=== Begin Enclosure ===

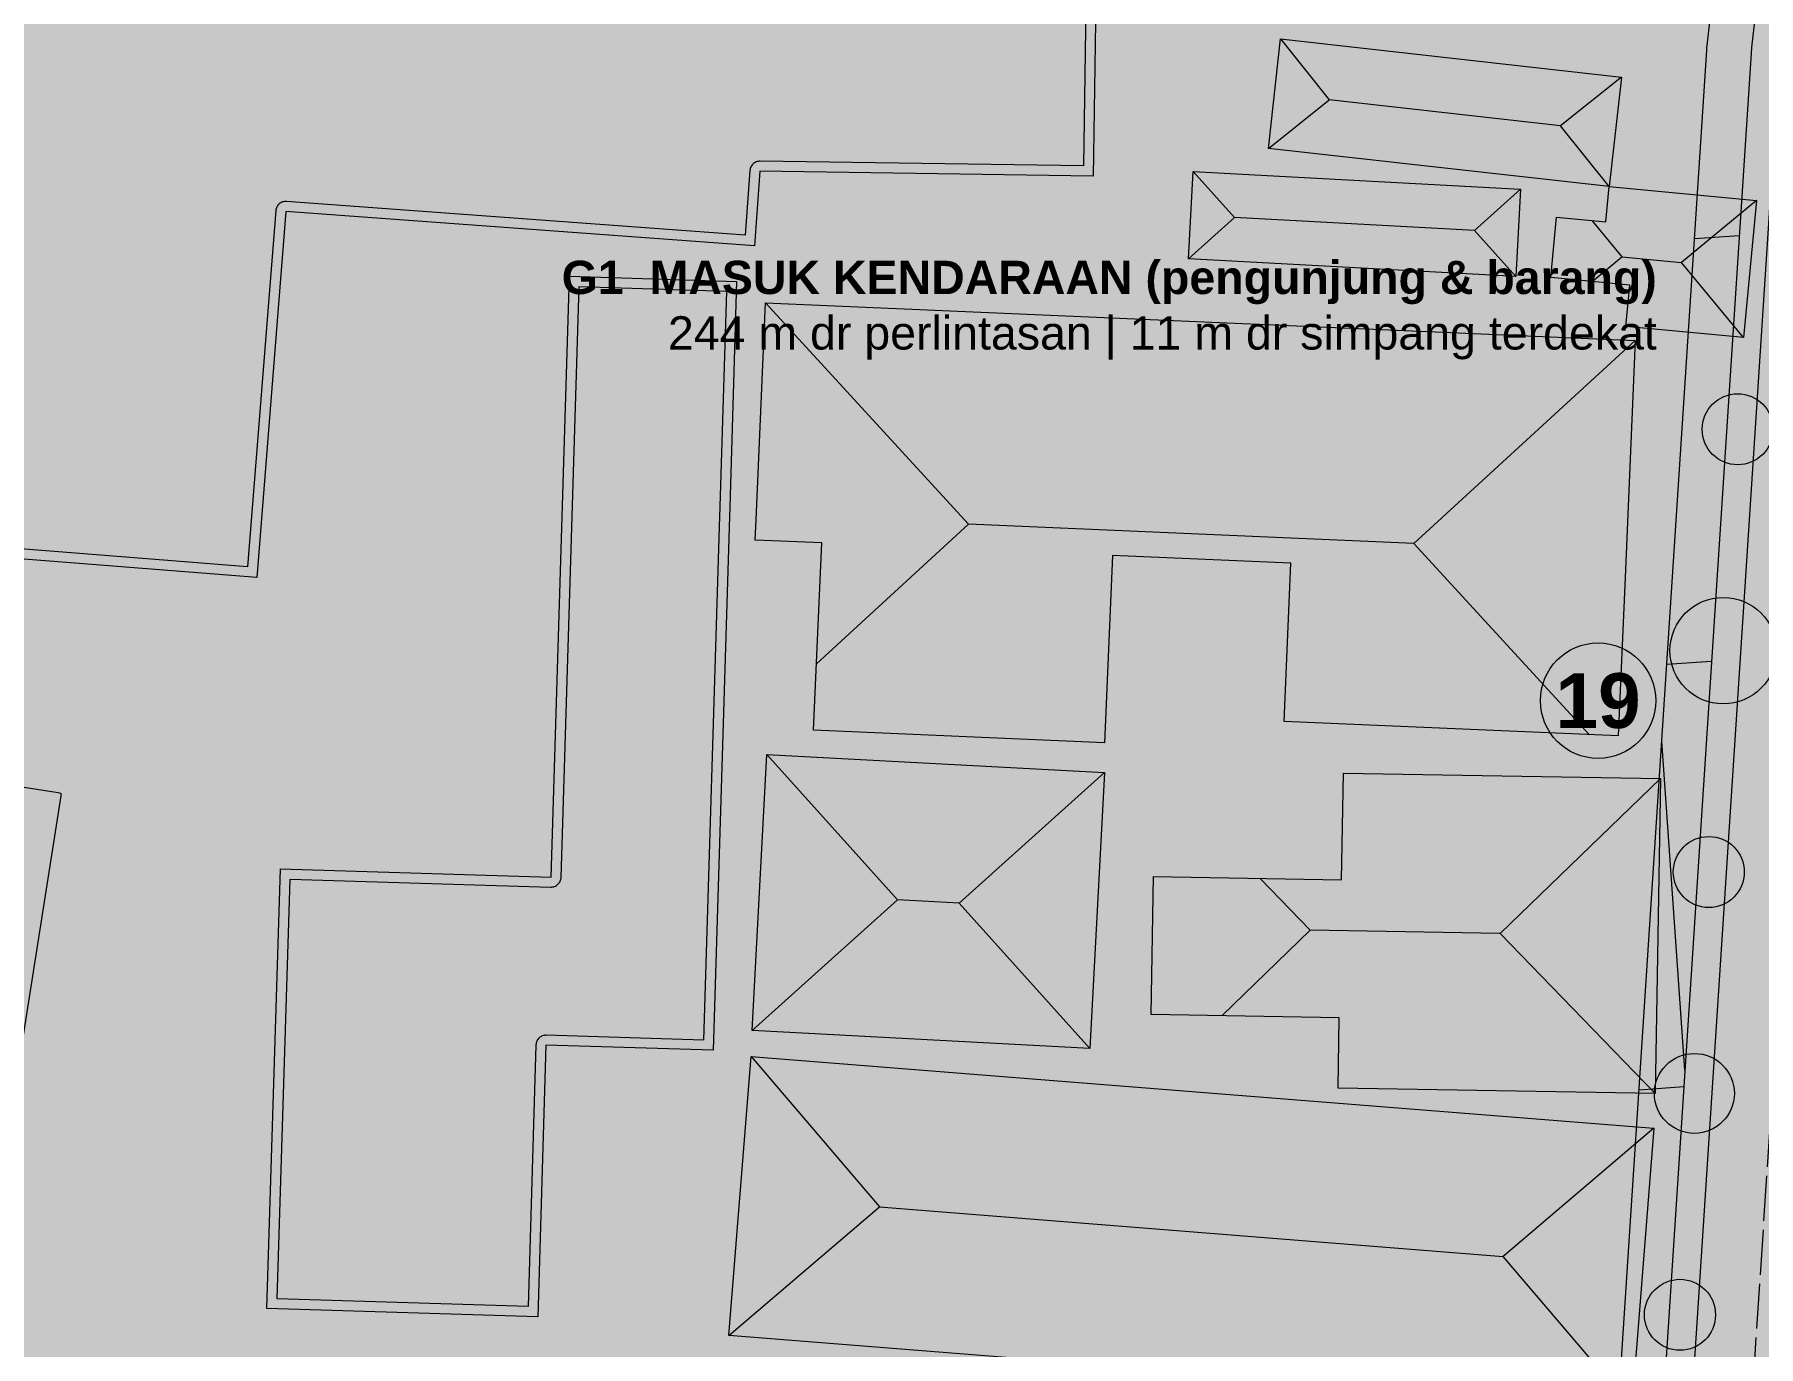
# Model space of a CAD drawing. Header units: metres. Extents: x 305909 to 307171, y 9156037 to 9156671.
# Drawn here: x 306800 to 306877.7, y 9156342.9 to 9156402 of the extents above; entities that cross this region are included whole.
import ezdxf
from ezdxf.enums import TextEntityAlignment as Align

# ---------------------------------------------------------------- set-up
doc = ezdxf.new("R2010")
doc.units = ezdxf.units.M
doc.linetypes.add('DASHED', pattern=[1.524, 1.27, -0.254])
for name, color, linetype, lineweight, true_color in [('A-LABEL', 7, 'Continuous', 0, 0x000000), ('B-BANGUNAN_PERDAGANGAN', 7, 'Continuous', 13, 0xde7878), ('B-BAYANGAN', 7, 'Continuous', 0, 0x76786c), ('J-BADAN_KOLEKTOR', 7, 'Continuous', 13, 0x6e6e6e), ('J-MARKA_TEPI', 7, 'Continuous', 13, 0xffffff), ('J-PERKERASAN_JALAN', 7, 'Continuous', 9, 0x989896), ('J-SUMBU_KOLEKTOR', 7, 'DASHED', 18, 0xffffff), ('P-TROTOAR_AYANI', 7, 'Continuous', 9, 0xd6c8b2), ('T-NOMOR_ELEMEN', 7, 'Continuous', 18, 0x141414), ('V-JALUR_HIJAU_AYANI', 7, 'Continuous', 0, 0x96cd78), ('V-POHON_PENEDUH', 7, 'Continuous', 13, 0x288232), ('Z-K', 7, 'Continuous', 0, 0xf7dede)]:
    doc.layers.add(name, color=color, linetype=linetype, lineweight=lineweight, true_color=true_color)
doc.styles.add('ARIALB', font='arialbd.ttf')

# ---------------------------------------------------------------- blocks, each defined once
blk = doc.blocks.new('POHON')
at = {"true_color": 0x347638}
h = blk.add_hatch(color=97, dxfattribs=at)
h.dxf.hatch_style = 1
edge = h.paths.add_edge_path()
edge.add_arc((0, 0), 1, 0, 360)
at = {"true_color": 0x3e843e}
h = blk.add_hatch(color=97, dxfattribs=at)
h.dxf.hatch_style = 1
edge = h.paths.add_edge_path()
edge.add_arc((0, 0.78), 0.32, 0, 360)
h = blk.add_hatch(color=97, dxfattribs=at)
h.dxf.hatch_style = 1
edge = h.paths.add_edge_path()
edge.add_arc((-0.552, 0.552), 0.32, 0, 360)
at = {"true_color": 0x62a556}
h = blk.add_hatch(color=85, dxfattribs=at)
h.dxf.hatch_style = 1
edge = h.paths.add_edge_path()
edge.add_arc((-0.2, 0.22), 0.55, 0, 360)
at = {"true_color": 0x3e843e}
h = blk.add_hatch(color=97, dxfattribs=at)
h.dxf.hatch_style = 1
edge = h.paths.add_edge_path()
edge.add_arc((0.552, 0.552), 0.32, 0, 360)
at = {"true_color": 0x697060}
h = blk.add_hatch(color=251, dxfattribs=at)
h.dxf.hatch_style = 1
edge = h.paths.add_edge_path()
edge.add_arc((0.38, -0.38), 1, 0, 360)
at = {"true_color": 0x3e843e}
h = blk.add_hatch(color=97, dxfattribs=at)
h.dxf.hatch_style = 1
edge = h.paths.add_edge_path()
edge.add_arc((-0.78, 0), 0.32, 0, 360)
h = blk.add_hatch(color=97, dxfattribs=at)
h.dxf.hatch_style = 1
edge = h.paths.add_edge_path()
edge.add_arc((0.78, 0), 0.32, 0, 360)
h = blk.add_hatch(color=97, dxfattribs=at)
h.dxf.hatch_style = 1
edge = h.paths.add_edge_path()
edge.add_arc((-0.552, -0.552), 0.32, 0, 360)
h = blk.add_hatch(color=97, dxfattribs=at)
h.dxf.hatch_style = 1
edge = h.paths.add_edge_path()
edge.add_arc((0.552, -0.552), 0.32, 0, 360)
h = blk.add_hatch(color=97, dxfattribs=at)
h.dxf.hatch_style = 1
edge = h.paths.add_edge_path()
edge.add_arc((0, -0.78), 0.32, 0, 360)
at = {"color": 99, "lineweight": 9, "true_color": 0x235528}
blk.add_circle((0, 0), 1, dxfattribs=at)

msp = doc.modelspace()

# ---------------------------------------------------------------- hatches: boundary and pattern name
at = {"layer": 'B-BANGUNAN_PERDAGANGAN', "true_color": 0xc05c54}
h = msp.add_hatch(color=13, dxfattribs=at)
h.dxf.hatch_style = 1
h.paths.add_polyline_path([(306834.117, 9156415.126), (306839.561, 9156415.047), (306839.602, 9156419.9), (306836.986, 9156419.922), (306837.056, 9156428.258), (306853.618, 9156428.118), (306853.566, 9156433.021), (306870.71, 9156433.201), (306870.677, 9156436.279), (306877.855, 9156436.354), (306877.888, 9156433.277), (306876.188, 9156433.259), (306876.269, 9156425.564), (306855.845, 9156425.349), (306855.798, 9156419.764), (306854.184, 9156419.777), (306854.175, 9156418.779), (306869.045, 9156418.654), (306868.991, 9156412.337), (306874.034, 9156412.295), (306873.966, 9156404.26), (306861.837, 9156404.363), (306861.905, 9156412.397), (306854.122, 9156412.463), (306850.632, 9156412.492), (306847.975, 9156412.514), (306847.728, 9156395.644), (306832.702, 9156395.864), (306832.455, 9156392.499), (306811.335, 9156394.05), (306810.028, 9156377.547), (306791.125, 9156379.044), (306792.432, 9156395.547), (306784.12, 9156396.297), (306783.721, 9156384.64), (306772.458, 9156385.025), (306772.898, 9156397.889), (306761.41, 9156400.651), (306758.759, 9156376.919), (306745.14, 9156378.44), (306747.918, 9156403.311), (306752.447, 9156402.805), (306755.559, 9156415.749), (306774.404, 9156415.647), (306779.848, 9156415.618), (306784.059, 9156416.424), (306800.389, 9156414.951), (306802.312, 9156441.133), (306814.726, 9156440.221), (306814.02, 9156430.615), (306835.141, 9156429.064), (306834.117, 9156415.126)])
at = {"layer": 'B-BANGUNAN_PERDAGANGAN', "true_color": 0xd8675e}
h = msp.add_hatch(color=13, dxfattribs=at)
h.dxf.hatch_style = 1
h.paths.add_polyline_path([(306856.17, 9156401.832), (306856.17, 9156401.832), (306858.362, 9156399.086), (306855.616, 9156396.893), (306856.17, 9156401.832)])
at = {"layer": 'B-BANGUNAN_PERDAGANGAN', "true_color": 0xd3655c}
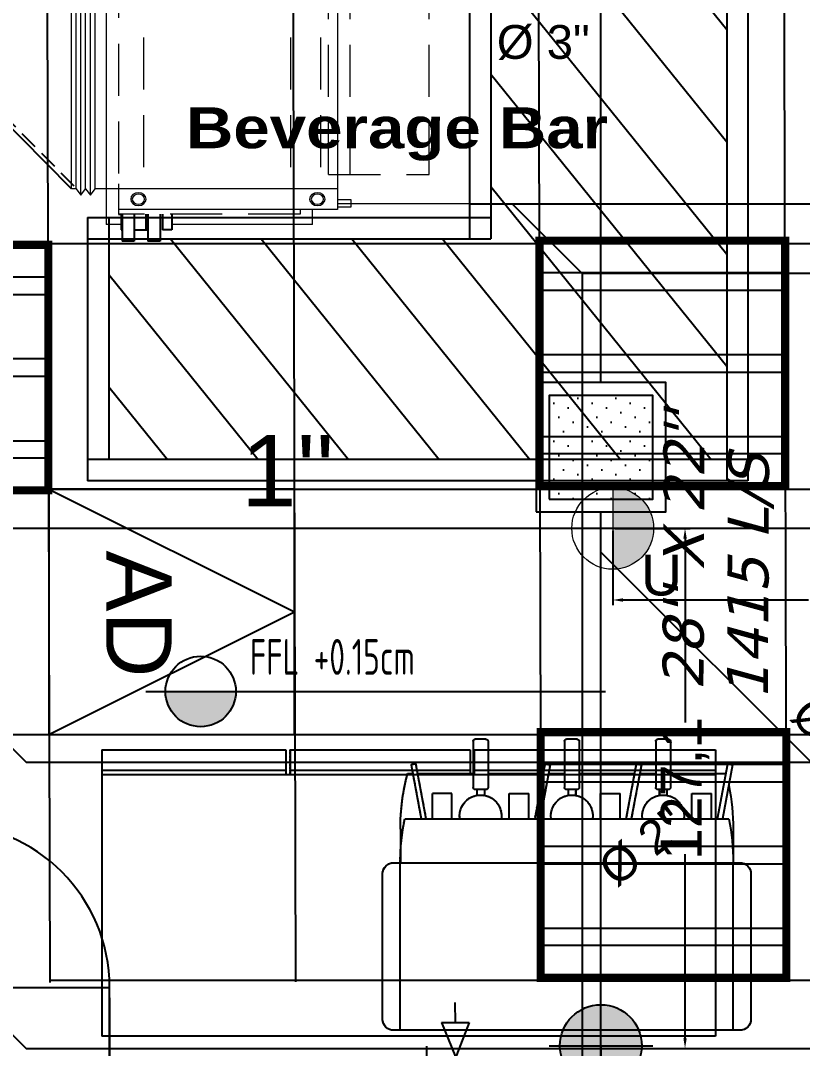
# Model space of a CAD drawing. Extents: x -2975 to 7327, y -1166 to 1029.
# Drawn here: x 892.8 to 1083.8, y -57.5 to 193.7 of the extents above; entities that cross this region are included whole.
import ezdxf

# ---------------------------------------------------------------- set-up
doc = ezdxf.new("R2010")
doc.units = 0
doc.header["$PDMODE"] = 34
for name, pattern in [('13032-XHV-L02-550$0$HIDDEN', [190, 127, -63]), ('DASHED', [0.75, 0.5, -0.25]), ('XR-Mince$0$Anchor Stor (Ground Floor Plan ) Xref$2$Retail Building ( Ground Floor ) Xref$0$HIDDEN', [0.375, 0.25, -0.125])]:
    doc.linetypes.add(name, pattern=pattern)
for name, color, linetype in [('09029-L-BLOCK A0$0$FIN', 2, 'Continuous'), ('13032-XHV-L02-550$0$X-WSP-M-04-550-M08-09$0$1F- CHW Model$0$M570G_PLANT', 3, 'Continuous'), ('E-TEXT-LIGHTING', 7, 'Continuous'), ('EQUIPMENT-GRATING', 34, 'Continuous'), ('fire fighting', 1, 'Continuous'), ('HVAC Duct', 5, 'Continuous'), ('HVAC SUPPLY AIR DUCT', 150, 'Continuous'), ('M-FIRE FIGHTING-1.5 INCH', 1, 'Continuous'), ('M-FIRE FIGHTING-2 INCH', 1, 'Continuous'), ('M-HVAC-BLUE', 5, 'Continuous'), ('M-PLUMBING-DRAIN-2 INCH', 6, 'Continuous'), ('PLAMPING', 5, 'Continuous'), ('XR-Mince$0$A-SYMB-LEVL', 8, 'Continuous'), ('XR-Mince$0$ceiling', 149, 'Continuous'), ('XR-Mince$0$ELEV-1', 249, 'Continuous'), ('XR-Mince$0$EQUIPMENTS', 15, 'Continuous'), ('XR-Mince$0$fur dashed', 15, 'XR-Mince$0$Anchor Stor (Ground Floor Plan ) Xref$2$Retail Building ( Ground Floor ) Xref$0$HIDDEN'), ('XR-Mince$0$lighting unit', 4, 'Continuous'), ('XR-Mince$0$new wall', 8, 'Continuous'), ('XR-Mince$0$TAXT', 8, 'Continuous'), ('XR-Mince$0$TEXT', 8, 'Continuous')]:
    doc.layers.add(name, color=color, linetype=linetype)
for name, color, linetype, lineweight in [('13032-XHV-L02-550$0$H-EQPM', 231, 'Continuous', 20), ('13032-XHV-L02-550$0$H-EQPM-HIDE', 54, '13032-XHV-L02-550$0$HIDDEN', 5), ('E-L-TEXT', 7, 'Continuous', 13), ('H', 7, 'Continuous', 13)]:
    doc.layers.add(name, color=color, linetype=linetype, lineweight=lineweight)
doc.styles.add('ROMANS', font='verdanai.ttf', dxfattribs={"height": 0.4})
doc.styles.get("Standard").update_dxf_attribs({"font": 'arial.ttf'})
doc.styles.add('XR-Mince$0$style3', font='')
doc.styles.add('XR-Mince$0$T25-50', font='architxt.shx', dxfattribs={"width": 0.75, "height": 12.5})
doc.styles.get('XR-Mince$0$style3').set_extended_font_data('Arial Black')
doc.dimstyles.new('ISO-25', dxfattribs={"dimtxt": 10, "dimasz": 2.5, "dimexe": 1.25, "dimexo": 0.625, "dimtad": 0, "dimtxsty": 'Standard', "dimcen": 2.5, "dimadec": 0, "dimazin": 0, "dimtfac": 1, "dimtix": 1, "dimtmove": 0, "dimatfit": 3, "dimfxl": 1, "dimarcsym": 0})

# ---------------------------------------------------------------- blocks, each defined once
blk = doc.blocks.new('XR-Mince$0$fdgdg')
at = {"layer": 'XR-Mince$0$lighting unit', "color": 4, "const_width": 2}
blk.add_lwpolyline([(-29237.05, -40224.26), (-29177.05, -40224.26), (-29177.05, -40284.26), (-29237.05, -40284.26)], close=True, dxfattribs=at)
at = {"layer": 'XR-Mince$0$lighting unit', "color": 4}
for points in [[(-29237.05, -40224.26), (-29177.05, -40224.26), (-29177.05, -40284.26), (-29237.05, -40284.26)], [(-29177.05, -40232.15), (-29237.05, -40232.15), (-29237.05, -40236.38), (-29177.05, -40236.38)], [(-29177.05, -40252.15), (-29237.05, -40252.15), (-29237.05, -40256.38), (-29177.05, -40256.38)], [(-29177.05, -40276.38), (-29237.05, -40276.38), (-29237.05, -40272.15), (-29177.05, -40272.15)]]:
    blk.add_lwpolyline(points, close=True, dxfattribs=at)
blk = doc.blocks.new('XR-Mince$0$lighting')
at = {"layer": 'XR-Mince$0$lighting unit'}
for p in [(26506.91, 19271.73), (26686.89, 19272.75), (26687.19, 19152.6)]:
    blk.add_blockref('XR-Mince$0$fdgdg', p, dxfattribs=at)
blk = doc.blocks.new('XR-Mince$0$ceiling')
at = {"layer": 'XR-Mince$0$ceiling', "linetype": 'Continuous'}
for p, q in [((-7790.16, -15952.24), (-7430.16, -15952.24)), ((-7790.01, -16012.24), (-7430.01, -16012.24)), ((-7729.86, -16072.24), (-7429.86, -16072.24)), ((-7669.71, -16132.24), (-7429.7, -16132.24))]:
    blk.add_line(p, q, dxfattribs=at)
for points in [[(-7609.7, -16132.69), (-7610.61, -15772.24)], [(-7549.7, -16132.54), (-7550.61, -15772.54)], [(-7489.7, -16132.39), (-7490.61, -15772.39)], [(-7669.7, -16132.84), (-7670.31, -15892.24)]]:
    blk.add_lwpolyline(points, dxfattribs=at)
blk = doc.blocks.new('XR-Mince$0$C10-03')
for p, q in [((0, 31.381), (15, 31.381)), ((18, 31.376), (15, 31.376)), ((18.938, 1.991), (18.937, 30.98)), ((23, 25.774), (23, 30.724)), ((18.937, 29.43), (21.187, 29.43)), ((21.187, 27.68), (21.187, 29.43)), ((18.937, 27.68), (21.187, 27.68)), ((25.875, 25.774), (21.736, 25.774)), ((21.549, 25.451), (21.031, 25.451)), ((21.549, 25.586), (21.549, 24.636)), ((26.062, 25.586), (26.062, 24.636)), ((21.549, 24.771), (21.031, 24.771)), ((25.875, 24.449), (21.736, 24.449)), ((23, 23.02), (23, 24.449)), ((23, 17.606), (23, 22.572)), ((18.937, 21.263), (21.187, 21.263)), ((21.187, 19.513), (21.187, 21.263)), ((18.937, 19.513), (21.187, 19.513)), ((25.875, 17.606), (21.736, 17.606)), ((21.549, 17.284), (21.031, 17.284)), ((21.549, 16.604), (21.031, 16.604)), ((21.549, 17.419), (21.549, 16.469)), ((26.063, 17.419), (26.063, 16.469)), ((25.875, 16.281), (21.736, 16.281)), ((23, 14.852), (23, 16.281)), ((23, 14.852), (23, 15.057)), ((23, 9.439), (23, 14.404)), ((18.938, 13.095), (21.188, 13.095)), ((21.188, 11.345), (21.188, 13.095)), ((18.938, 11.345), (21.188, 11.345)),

=== End Enclosure ===

- _TASK_
Reproduce exactly the lines above from the line with "blk.add_lwpolyline(points, close=True, dxfattribs=at)" to the line with "blk = doc.blocks.new('XR-Mince$0$ceiling')", including both, and add nothing.

- _RESPONSE AREA_
    blk.add_lwpolyline(points, close=True, dxfattribs=at)
blk = doc.blocks.new('XR-Mince$0$lighting')
at = {"layer": 'XR-Mince$0$lighting unit'}
for p in [(26506.91, 19271.73), (26686.89, 19272.75), (26687.19, 19152.6)]:
    blk.add_blockref('XR-Mince$0$fdgdg', p, dxfattribs=at)
blk = doc.blocks.new('XR-Mince$0$ceiling')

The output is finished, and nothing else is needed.